Code Prediction by Feeding Trees to Transformers
Seohyun Kim, Jinman Zhao, Yuchi Tian, Satish Chandra
TL;DR
The paper tackles code autocomplete by predicting the next token, showing that Transformer models outperform prior baselines and that incorporating AST structure yields additional gains. It introduces three architectures—SeqTrans, PathTrans, and TravTrans—and a more structure-aware variant TravTrans+ to encode code syntax for prediction. Across the py150 dataset and a Facebook internal Python corpus, TravTrans achieves the highest accuracy, with relative improvements of about 14–18% over prior methods like Deep3 and Code2Seq, and substantial gains over RNN baselines. The work also provides interpretability analyses via saliency and discusses limitations such as OOV handling, Python-specificity, and dataset scope, proposing directions for future research and code-data openness.
Abstract
We advance the state-of-the-art in the accuracy of code prediction (next token prediction) used in autocomplete systems.

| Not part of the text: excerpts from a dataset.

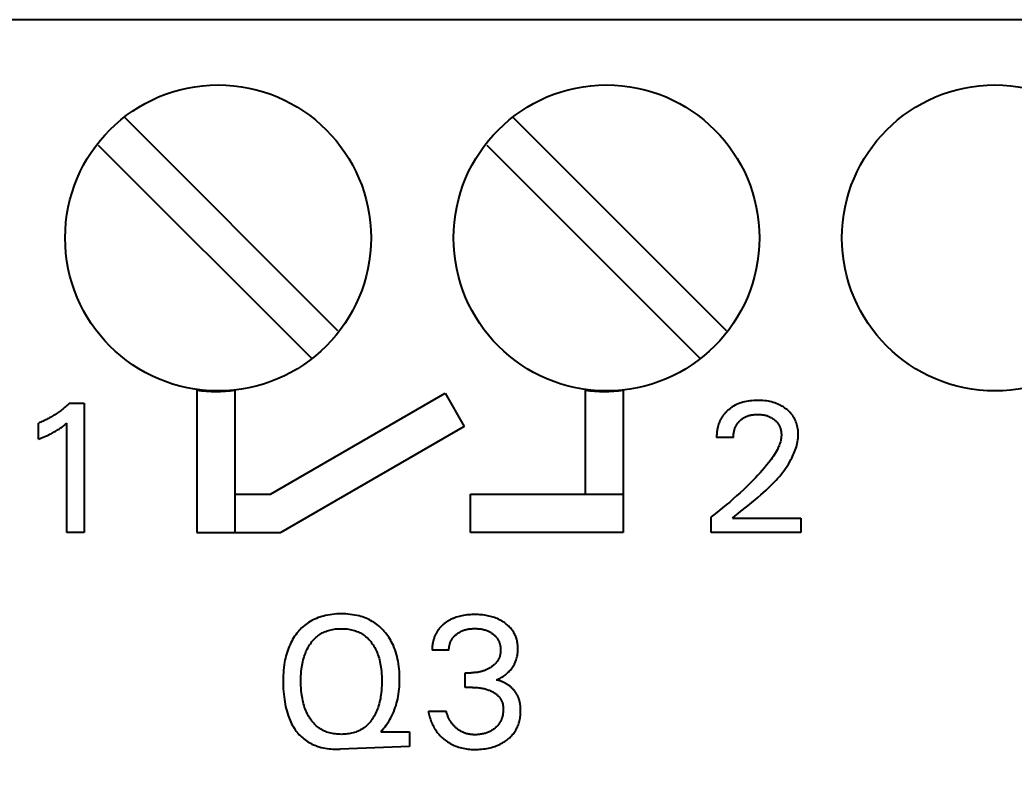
# Model space of a CAD drawing. Extents: x 0 to 420, y 0 to 297.
# Drawn here: x 150.22 to 163.22, y 171.09 to 180.86 of the extents above; entities that cross this region are included whole.
import ezdxf
from ezdxf.enums import TextEntityAlignment as Align

# ---------------------------------------------------------------- set-up
doc = ezdxf.new("R2010")
doc.units = 0
doc.header["$LTSCALE"] = 23.1
doc.layers.add('10000_FRONT', color=7, linetype='CONTINUOUS')
doc.layers.add('10100_DIM_FRONT', color=7, linetype='CONTINUOUS')
doc.dimstyles.get("Standard").update_dxf_attribs({"dimtxt": 2.5, "dimasz": 2.5, "dimexe": 1.25, "dimexo": 0.625, "dimtad": 1, "dimcen": 2.5, "dimazin": 3, "dimtfac": 1, "dimtmove": 0, "dimatfit": 3})

# ---------------------------------------------------------------- blocks, each defined once
blk = doc.blocks.new('*D1')
at = {"layer": '10100_DIM_FRONT', "color": 7, "linetype": 'CONTINUOUS'}
for p, q in [((138.963, 175.006), (138.963, 152.846)), ((183.263, 170.856), (183.263, 152.846)), ((138.963, 154.846), (161.113, 154.846)), ((183.263, 154.846), (161.113, 154.846))]:
    blk.add_line(p, q, dxfattribs=at)
for points in [[(142.463, 155.346), (138.963, 154.846), (142.463, 154.346)], [(179.763, 154.346), (183.263, 154.846), (179.763, 155.346)]]:
    blk.add_solid(points, dxfattribs=at)
blk.add_text('44.3', height=3.5, dxfattribs=at).set_placement((155.964, 155.721), (165.964, 155.721), align=Align.FIT)

msp = doc.modelspace()

# ---------------------------------------------------------------- linework, layer by layer
at = {"layer": '10000_FRONT', "color": 7, "linetype": 'CONTINUOUS'}
for p, q in [((182.263, 180.856), (148.763, 180.856)), ((154.381, 176.792), (151.596, 179.577)), ((159.461, 176.792), (156.676, 179.577)), ((151.246, 179.22), (154.03, 176.436)), ((156.326, 179.22), (159.11, 176.436)), ((152.533, 176.014), (152.533, 174.156)), ((153.033, 176.014), (153.033, 174.156)), ((153.499, 174.656), (155.783, 175.975)), ((155.783, 175.975), (156.033, 175.542)), ((157.613, 176.014), (157.613, 174.656)), ((158.113, 176.014), (158.113, 174.156)), ((150.835, 175.813), (150.822, 175.803)), ((150.847, 175.824), (150.835, 175.813)), ((150.859, 175.835), (150.847, 175.824)), ((150.87, 175.847), (150.859, 175.835)), ((150.87, 175.847), (151.063, 175.847)), ((151.063, 175.847), (151.063, 174.156)), ((159.575, 175.818), (159.556, 175.807)), ((159.594, 175.827), (159.575, 175.818)), ((159.614, 175.836), (159.594, 175.827)), ((159.635, 175.844), (159.614, 175.836)), ((159.656, 175.851), (159.635, 175.844)), ((159.677, 175.858), (159.656, 175.851)), ((159.698, 175.863), (159.677, 175.858)), ((159.72, 175.868), (159.698, 175.863)), ((159.744, 175.872), (159.72, 175.868)), ((159.769, 175.876), (159.744, 175.872)), ((159.793, 175.878), (159.769, 175.876)), ((159.818, 175.88), (159.793, 175.878)), ((159.842, 175.881), (159.818, 175.88)), ((159.867, 175.882), (159.842, 175.881)), ((159.891, 175.881), (159.867, 175.882)), ((159.915, 175.881), (159.891, 175.881)), ((159.939, 175.879), (159.915, 175.881)), ((159.962, 175.877), (159.939, 175.879)), ((159.986, 175.874), (159.962, 175.877)), ((160.01, 175.87), (159.986, 175.874)), ((160.031, 175.865), (160.01, 175.87)), ((160.052, 175.861), (160.031, 175.865)), ((160.073, 175.855), (160.052, 175.861)), ((160.094, 175.849), (160.073, 175.855)), ((160.114, 175.841), (160.094, 175.849)), ((160.134, 175.834), (160.114, 175.841)), ((160.152, 175.825), (160.134, 175.834)), ((160.171, 175.816), (160.152, 175.825)), ((160.188, 175.807), (160.171, 175.816)), ((150.666, 175.687), (150.652, 175.678)), ((150.679, 175.695), (150.666, 175.687)), ((150.693, 175.704), (150.679, 175.695)), ((150.706, 175.713), (150.693, 175.704)), ((150.72, 175.722), (150.706, 175.713)), ((150.733, 175.732), (150.72, 175.722)), ((150.746, 175.741), (150.733, 175.732)), ((150.759, 175.751), (150.746, 175.741)), ((150.772, 175.761), (150.759, 175.751)), ((150.785, 175.771), (150.772, 175.761)), ((150.797, 175.781), (150.785, 175.771)), ((150.81, 175.792), (150.797, 175.781)), ((150.822, 175.803), (150.81, 175.792)), ((159.415, 175.681), (159.411, 175.674)), ((159.42, 175.688), (159.415, 175.681)), ((159.425, 175.694), (159.42, 175.688)), ((159.43, 175.701), (159.425, 175.694)), ((159.435, 175.707), (159.43, 175.701)), ((159.441, 175.713), (159.435, 175.707)), ((159.446, 175.719), (159.441, 175.713)), ((159.452, 175.725), (159.446, 175.719)), ((159.457, 175.731), (159.452, 175.725)), ((159.463, 175.737), (159.457, 175.731)), ((159.469, 175.742), (159.463, 175.737)), ((159.475, 175.748), (159.469, 175.742)), ((159.481, 175.753), (159.475, 175.748)), ((159.487, 175.759), (159.481, 175.753)), ((159.504, 175.772), (159.487, 175.759)), ((159.521, 175.785), (159.504, 175.772)), ((159.538, 175.796), (159.521, 175.785)), ((159.556, 175.807), (159.538, 175.796)), ((159.74, 175.679), (159.75, 175.682)), ((159.75, 175.682), (159.759, 175.685)), ((159.759, 175.685), (159.769, 175.687)), ((159.769, 175.687), (159.779, 175.69)), ((159.779, 175.69), (159.79, 175.692)), ((159.79, 175.692), (159.801, 175.694)), ((159.801, 175.694), (159.812, 175.695)), ((159.812, 175.695), (159.823, 175.696)), ((159.823, 175.696), (159.834, 175.697)), ((159.834, 175.697), (159.845, 175.698)), ((159.845, 175.698), (159.856, 175.698)), ((159.856, 175.698), (159.867, 175.699)), ((159.867, 175.699), (159.879, 175.698)), ((159.879, 175.698), (159.891, 175.698)), ((159.891, 175.698), (159.904, 175.697)), ((159.904, 175.697), (159.916, 175.696)), ((159.916, 175.696), (159.928, 175.695)), ((159.928, 175.695), (159.94, 175.693)), ((159.94, 175.693), (159.952, 175.691)), ((159.952, 175.691), (159.962, 175.689)), ((159.962, 175.689), (159.971, 175.687)), ((159.971, 175.687), (159.981, 175.684)), ((159.981, 175.684), (159.99, 175.682)), ((159.99, 175.682), (159.999, 175.679)), ((160.206, 175.796), (160.188, 175.807)), ((160.223, 175.785), (160.206, 175.796)), ((160.239, 175.773), (160.223, 175.785)), ((160.254, 175.762), (160.239, 175.773)), ((160.268, 175.75), (160.254, 175.762)), ((160.281, 175.737), (160.268, 175.75)), ((160.294, 175.724), (160.281, 175.737)), ((160.306, 175.711), (160.294, 175.724)), ((160.318, 175.696), (160.306, 175.711)), ((160.329, 175.682), (160.318, 175.696)), ((160.339, 175.667), (160.329, 175.682)), ((150.478, 175.591), (150.463, 175.585)), ((150.463, 175.373), (150.463, 175.585)), ((150.493, 175.597), (150.478, 175.591)), ((150.508, 175.604), (150.493, 175.597)), ((150.523, 175.61), (150.508, 175.604)), ((150.538, 175.617), (150.523, 175.61)), ((150.552, 175.624), (150.538, 175.617)), ((150.567, 175.631), (150.552, 175.624)), ((150.582, 175.639), (150.567, 175.631)), ((150.596, 175.646), (150.582, 175.639)), ((150.61, 175.654), (150.596, 175.646)), ((150.624, 175.662), (150.61, 175.654)), ((150.638, 175.67), (150.624, 175.662)), ((150.652, 175.678), (150.638, 175.67)), ((150.788, 175.546), (150.799, 175.555)), ((150.799, 175.555), (150.817, 175.569)), ((150.817, 175.569), (150.835, 175.584)), ((150.835, 174.156), (150.835, 175.584)), ((159.355, 175.557), (159.352, 175.549)), ((159.358, 175.566), (159.355, 175.557)), ((159.36, 175.574), (159.358, 175.566)), ((159.363, 175.582), (159.36, 175.574)), ((159.366, 175.59), (159.363, 175.582)), ((159.37, 175.599), (159.366, 175.59)), ((159.373, 175.607), (159.37, 175.599)), ((159.377, 175.615), (159.373, 175.607)), ((159.38, 175.623), (159.377, 175.615)), ((159.384, 175.63), (159.38, 175.623)), ((159.388, 175.638), (159.384, 175.63)), ((159.393, 175.646), (159.388, 175.638)), ((159.397, 175.653), (159.393, 175.646)), ((159.402, 175.661), (159.397, 175.653)), ((159.406, 175.668), (159.402, 175.661)), ((159.411, 175.674), (159.406, 175.668)), ((159.588, 175.55), (159.592, 175.557)), ((159.592, 175.557), (159.596, 175.565)), ((159.596, 175.565), (159.601, 175.572)), ((159.601, 175.572), (159.606, 175.579)), ((159.606, 175.579), (159.611, 175.586)), ((159.611, 175.586), (159.616, 175.593)), ((159.616, 175.593), (159.622, 175.599)), ((159.622, 175.599), (159.628, 175.606)), ((159.628, 175.606), (159.633, 175.612)), ((159.633, 175.612), (159.64, 175.618)), ((159.64, 175.618), (159.647, 175.624)), ((159.647, 175.624), (159.654, 175.631)), ((159.654, 175.631), (159.662, 175.637)), ((159.662, 175.637), (159.67, 175.642)), ((159.67, 175.642), (159.678, 175.648)), ((159.678, 175.648), (159.686, 175.653)), ((159.686, 175.653), (159.695, 175.658)), ((159.695, 175.658), (159.703, 175.663)), ((159.703, 175.663), (159.712, 175.667)), ((159.712, 175.667), (159.721, 175.671)), ((159.721, 175.671), (159.731, 175.675)), ((159.731, 175.675), (159.74, 175.679)), ((159.999, 175.679), (160.008, 175.675)), ((160.008, 175.675), (160.017, 175.672)), ((160.017, 175.672), (160.026, 175.668)), ((160.026, 175.668), (160.035, 175.664)), ((160.035, 175.664), (160.043, 175.66)), ((160.043, 175.66), (160.051, 175.656)), ((160.051, 175.656), (160.059, 175.651)), ((160.059, 175.651), (160.066, 175.646)), ((160.066, 175.646), (160.074, 175.641)), ((160.074, 175.641), (160.081, 175.636)), ((160.081, 175.636), (160.088, 175.63)), ((160.088, 175.63), (160.095, 175.624)), ((160.095, 175.624), (160.101, 175.619)), ((160.101, 175.619), (160.107, 175.613)), ((160.107, 175.613), (160.113, 175.607)), ((160.113, 175.607), (160.119, 175.601)), ((160.119, 175.601), (160.124, 175.594)), ((160.124, 175.594), (160.13, 175.588)), ((160.13, 175.588), (160.135, 175.581)), ((160.135, 175.581), (160.139, 175.574)), ((160.139, 175.574), (160.144, 175.567)), ((160.144, 175.567), (160.148, 175.56)), ((160.148, 175.56), (160.152, 175.552)), ((160.152, 175.552), (160.156, 175.544)), ((160.348, 175.651), (160.339, 175.667)), ((160.356, 175.635), (160.348, 175.651)), ((160.364, 175.619), (160.356, 175.635)), ((160.371, 175.602), (160.364, 175.619)), ((160.377, 175.585), (160.371, 175.602)), ((160.383, 175.568), (160.377, 175.585)), ((160.388, 175.549), (160.383, 175.568)), ((150.568, 175.417), (150.583, 175.424)), ((150.583, 175.424), (150.598, 175.431)), ((150.598, 175.431), (150.613, 175.438)), ((150.613, 175.438), (150.628, 175.446)), ((150.628, 175.446), (150.643, 175.454)), ((150.643, 175.454), (150.658, 175.462)), ((150.658, 175.462), (150.67, 175.469)), ((150.67, 175.469), (150.683, 175.476)), ((150.683, 175.476), (150.696, 175.484)), ((150.696, 175.484), (150.708, 175.491)), ((150.708, 175.491), (150.721, 175.499)), ((150.721, 175.499), (150.733, 175.507)), ((150.733, 175.507), (150.744, 175.514)), ((150.744, 175.514), (150.754, 175.521)), ((150.754, 175.521), (150.765, 175.529)), ((150.765, 175.529), (150.776, 175.537)), ((150.776, 175.537), (150.788, 175.546)), ((156.033, 175.542), (153.633, 174.156)), ((159.334, 175.436), (159.333, 175.426)), ((159.333, 175.426), (159.333, 175.416)), ((159.335, 175.455), (159.334, 175.445)), ((159.334, 175.445), (159.334, 175.436)), ((159.336, 175.464), (159.335, 175.455)), ((159.337, 175.474), (159.336, 175.464)), ((159.339, 175.484), (159.337, 175.474)), ((159.34, 175.493), (159.339, 175.484)), ((159.342, 175.503), (159.34, 175.493)), ((159.344, 175.512), (159.342, 175.503)), ((159.346, 175.522), (159.344, 175.512)), ((159.348, 175.531), (159.346, 175.522)), ((159.35, 175.54), (159.348, 175.531)), ((159.352, 175.549), (159.35, 175.54)), ((159.554, 175.419), (159.555, 175.43)), ((159.555, 175.43), (159.556, 175.441)), ((159.556, 175.441), (159.557, 175.452)), ((159.557, 175.452), (159.559, 175.463)), ((159.559, 175.463), (159.561, 175.473)), ((159.561, 175.473), (159.563, 175.484)), ((159.563, 175.484), (159.565, 175.493)), ((159.565, 175.493), (159.568, 175.501)), ((159.568, 175.501), (159.57, 175.509)), ((159.57, 175.509), (159.573, 175.518)), ((159.573, 175.518), (159.576, 175.526)), ((159.576, 175.526), (159.58, 175.534)), ((159.58, 175.534), (159.584, 175.542)), ((159.584, 175.542), (159.588, 175.55)), ((160.156, 175.544), (160.159, 175.537)), ((160.159, 175.537), (160.162, 175.529)), ((160.162, 175.529), (160.165, 175.521)), ((160.165, 175.521), (160.167, 175.513)), ((160.167, 175.513), (160.17, 175.505)), ((160.17, 175.505), (160.172, 175.496)), ((160.172, 175.496), (160.174, 175.486)), ((160.174, 175.486), (160.176, 175.477)), ((160.176, 175.477), (160.177, 175.468)), ((160.177, 175.468), (160.179, 175.459)), ((160.179, 175.459), (160.179, 175.449)), ((160.179, 175.449), (160.18, 175.44)), ((160.18, 175.421), (160.179, 175.405)), ((160.18, 175.44), (160.18, 175.431)), ((160.18, 175.431), (160.18, 175.421)), ((160.392, 175.529), (160.388, 175.549)), ((160.395, 175.51), (160.392, 175.529)), ((160.398, 175.49), (160.395, 175.51)), ((160.399, 175.471), (160.398, 175.49)), ((160.4, 175.451), (160.399, 175.471)), ((160.4, 175.431), (160.4, 175.451)), ((160.4, 175.409), (160.4, 175.431)), ((150.463, 175.373), (150.484, 175.382)), ((150.484, 175.382), (150.505, 175.39)), ((150.505, 175.39), (150.526, 175.399)), ((150.526, 175.399), (150.547, 175.408)), ((150.547, 175.408), (150.568, 175.417)), ((159.333, 175.416), (159.333, 175.407)), ((159.333, 175.407), (159.333, 175.397)), ((159.554, 175.397), (159.333, 175.397)), ((159.554, 175.408), (159.554, 175.419)), ((159.554, 175.397), (159.554, 175.408)), ((160.152, 175.294), (160.145, 175.279)), ((160.157, 175.31), (160.152, 175.294)), ((160.163, 175.325), (160.157, 175.31)), ((160.167, 175.341), (160.163, 175.325)), ((160.171, 175.357), (160.167, 175.341)), ((160.175, 175.373), (160.171, 175.357)), ((160.177, 175.389), (160.175, 175.373)), ((160.179, 175.405), (160.177, 175.389)), ((160.376, 175.275), (160.382, 175.297)), ((160.382, 175.297), (160.387, 175.319)), ((160.387, 175.319), (160.392, 175.341)), ((160.392, 175.341), (160.395, 175.364)), ((160.395, 175.364), (160.398, 175.386)), ((160.398, 175.386), (160.4, 175.409)), ((160.089, 175.173), (160.076, 175.152)), ((160.103, 175.195), (160.089, 175.173)), ((160.116, 175.218), (160.103, 175.195)), ((160.128, 175.24), (160.116, 175.218)), ((160.139, 175.264), (160.128, 175.24)), ((160.145, 175.279), (160.139, 175.264)), ((160.326, 175.147), (160.335, 175.168)), ((160.335, 175.168), (160.345, 175.189)), ((160.345, 175.189), (160.353, 175.21)), ((160.353, 175.21), (160.361, 175.232)), ((160.361, 175.232), (160.369, 175.253)), ((160.369, 175.253), (160.376, 175.275)), ((159.987, 175.034), (159.959, 175)), ((160.015, 175.069), (159.987, 175.034)), ((160.031, 175.089), (160.015, 175.069)), ((160.046, 175.11), (160.031, 175.089)), ((160.061, 175.131), (160.046, 175.11)), ((160.076, 175.152), (160.061, 175.131)), ((160.254, 175.021), (160.272, 175.049)), ((160.272, 175.049), (160.289, 175.077)), ((160.289, 175.077), (160.305, 175.107)), ((160.305, 175.107), (160.316, 175.127)), ((160.316, 175.127), (160.326, 175.147)), ((159.901, 174.933), (159.87, 174.9)), ((159.93, 174.966), (159.901, 174.933)), ((159.959, 175), (159.93, 174.966)), ((160.155, 174.888), (160.176, 174.914)), ((160.176, 174.914), (160.196, 174.94)), ((160.196, 174.94), (160.216, 174.966)), ((160.216, 174.966), (160.235, 174.993)), ((160.235, 174.993), (160.254, 175.021)), ((159.768, 174.794), (159.726, 174.753)), ((159.809, 174.836), (159.768, 174.794)), ((159.84, 174.868), (159.809, 174.836)), ((159.87, 174.9), (159.84, 174.868)), ((160.042, 174.767), (160.065, 174.79)), ((160.065, 174.79), (160.088, 174.814)), ((160.088, 174.814), (160.111, 174.839)), ((160.111, 174.839), (160.133, 174.863)), ((160.133, 174.863), (160.155, 174.888)), ((153.033, 174.656), (153.499, 174.656)), ((156.113, 174.156), (156.113, 174.656)), ((156.113, 174.656), (158.113, 174.656)), ((159.64, 174.673), (159.595, 174.633)), ((159.683, 174.713), (159.64, 174.673)), ((159.726, 174.753), (159.683, 174.713)), ((159.874, 174.614), (159.911, 174.646)), ((159.911, 174.646), (159.947, 174.678)), ((159.947, 174.678), (159.983, 174.71)), ((159.983, 174.71), (160.018, 174.744)), ((160.018, 174.744), (160.042, 174.767)), ((159.458, 174.515), (159.41, 174.475)), ((159.504, 174.553), (159.458, 174.515)), ((159.55, 174.593), (159.504, 174.553)), ((159.595, 174.633), (159.55, 174.593)), ((159.724, 174.492), (159.762, 174.522)), ((159.762, 174.522), (159.799, 174.552)), ((159.799, 174.552), (159.837, 174.583)), ((159.837, 174.583), (159.874, 174.614)), ((159.313, 174.398), (159.263, 174.36)), ((159.362, 174.436), (159.313, 174.398)), ((159.41, 174.475), (159.362, 174.436)), ((159.576, 174.372), (159.613, 174.402)), ((159.613, 174.402), (159.65, 174.432)), ((159.65, 174.432), (159.724, 174.492)), ((159.263, 174.156), (159.263, 174.36)), ((159.54, 174.342), (159.576, 174.372)), ((159.54, 174.342), (160.435, 174.342)), ((160.435, 174.342), (160.435, 174.156)), ((151.063, 174.156), (150.835, 174.156)), ((152.533, 174.156), (153.633, 174.156)), ((158.113, 174.156), (156.113, 174.156)), ((160.435, 174.156), (159.263, 174.156)), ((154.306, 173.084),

First, we report that using the recently proposed Transformer architecture even out-of-the-box outperforms previous neural and non-neural systems for code prediction. We then show that by making the Transformer architecture aware of the syntactic structure of code, we further increase the margin by which a Transformer-based system outperforms previous systems. With this, it outperforms the accuracy of an RNN-based system (similar to Hellendoorn et al. 2018) by 18.3%, the Deep3 system (Raychev et al 2016) by 14.1%, and an adaptation of Code2Seq (Alon et al., 2018) for code prediction by 14.4%. We present in the paper several ways of communicating the code structure to the Transformer, which is fundamentally built for processing sequence data. We provide a comprehensive experimental evaluation of our proposal, along with alternative design choices, on a standard Python dataset, as well as on a Facebook internal Python corpus. Our code and data preparation pipeline will be available in open source.